Recorded information ▸
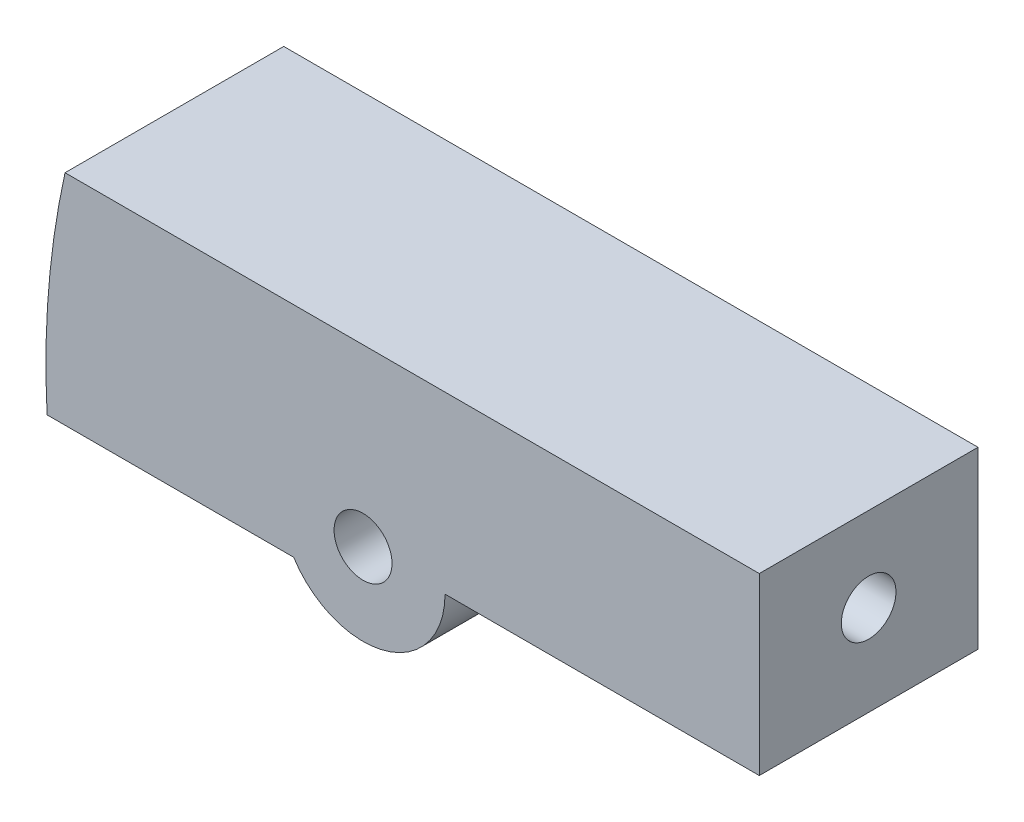
from build123d import *

# Parameters (mm, degrees)
SKETCH2_R           = 2.65
BOSS_EXTRUDE1_DEPTH = 10
SKETCH4_R           = 75.7
SKETCH4_R_2         = 74
CUT_EXTRUDE5_DEPTH  = 80.915518032
SKETCH5_W           = 3
SKETCH5_H           = 16
CUT_EXTRUDE6_DEPTH  = 79.307087942


with BuildPart() as part:
    # Sketch2 → Boss-Extrude1 (new, symmetric)
    with BuildSketch(Plane.XY):
        with BuildLine():
            ThreePointArc((-73.989796594, 16), (-75.457580373, 6.053392794), (-75.594245813, -4))
            Line((-75.594245813, -4), (-51.34428877, -4))
            ThreePointArc((-51.34428877, -4), (-42.918193786, -7.205281597), (-37.5, 0))
            Line((-37.5, 0), (-5.763957799, 0))
            Line((-5.763957799, 0), (-5.763957799, 16))
            Line((-5.763957799, 16), (-73.989796594, 16))
        make_face()
        with Locations((-45, 0)):
            Circle(SKETCH2_R, mode=Mode.SUBTRACT)
    extrude(amount=BOSS_EXTRUDE1_DEPTH, both=True)

    # Sketch3 → Cut-Revolve1 (revolve, cut)
    with BuildSketch(Plane.XY):
        Polygon((-76.243604379, 8.3), (11.256395621, 8.3), (11.256395621, 10.8), (-23.743604379, 10.8), (-25.243604379, 12.3), (-48.243604379, 12.3), (-49.243604379, 13.3), (-70.243604379, 13.3), (-76.243604379, 16.3), align=None)
    revolve(axis=Axis((-75.243604379, 8.3, 0), (1, 0, 0)), mode=Mode.SUBTRACT)

    # Sketch4 → Cut-Extrude5 (cut, through all)
    with BuildSketch(Plane(origin=(0, 0, -10), x_dir=(-1, 0, 0), z_dir=(0, 0, -1))):
        Circle(SKETCH4_R)
        Circle(SKETCH4_R_2, mode=Mode.SUBTRACT)
    extrude(amount=-CUT_EXTRUDE5_DEPTH, mode=Mode.SUBTRACT)

    # Sketch5 → Cut-Extrude6 (cut, through all)
    with BuildSketch(Plane(origin=(0, 0, -10), x_dir=(-1, 0, 0), z_dir=(0, 0, -1))):
        with Locations((7.263957799, 8)):
            Rectangle(SKETCH5_W, SKETCH5_H)
    extrude(amount=-CUT_EXTRUDE6_DEPTH, mode=Mode.SUBTRACT)


solid = part.part

Goal of the exercise ▸
Using the data above, reproduce exactly the lines between those holding "BOSS_EXTRUDE1_DEPTH = 10" and "-7.205281597), (-37.5, 0))", inclusive, and no others.

Solved problem ▸
BOSS_EXTRUDE1_DEPTH = 10
SKETCH4_R           = 75.7
SKETCH4_R_2         = 74
CUT_EXTRUDE5_DEPTH  = 80.915518032
SKETCH5_W           = 3
SKETCH5_H           = 16
CUT_EXTRUDE6_DEPTH  = 79.307087942


with BuildPart() as part:
    # Sketch2 → Boss-Extrude1 (new, symmetric)
    with BuildSketch(Plane.XY):
        with BuildLine():
            ThreePointArc((-73.989796594, 16), (-75.457580373, 6.053392794), (-75.594245813, -4))
            Line((-75.594245813, -4), (-51.34428877, -4))
            ThreePointArc((-51.34428877, -4), (-42.918193786, -7.205281597), (-37.5, 0))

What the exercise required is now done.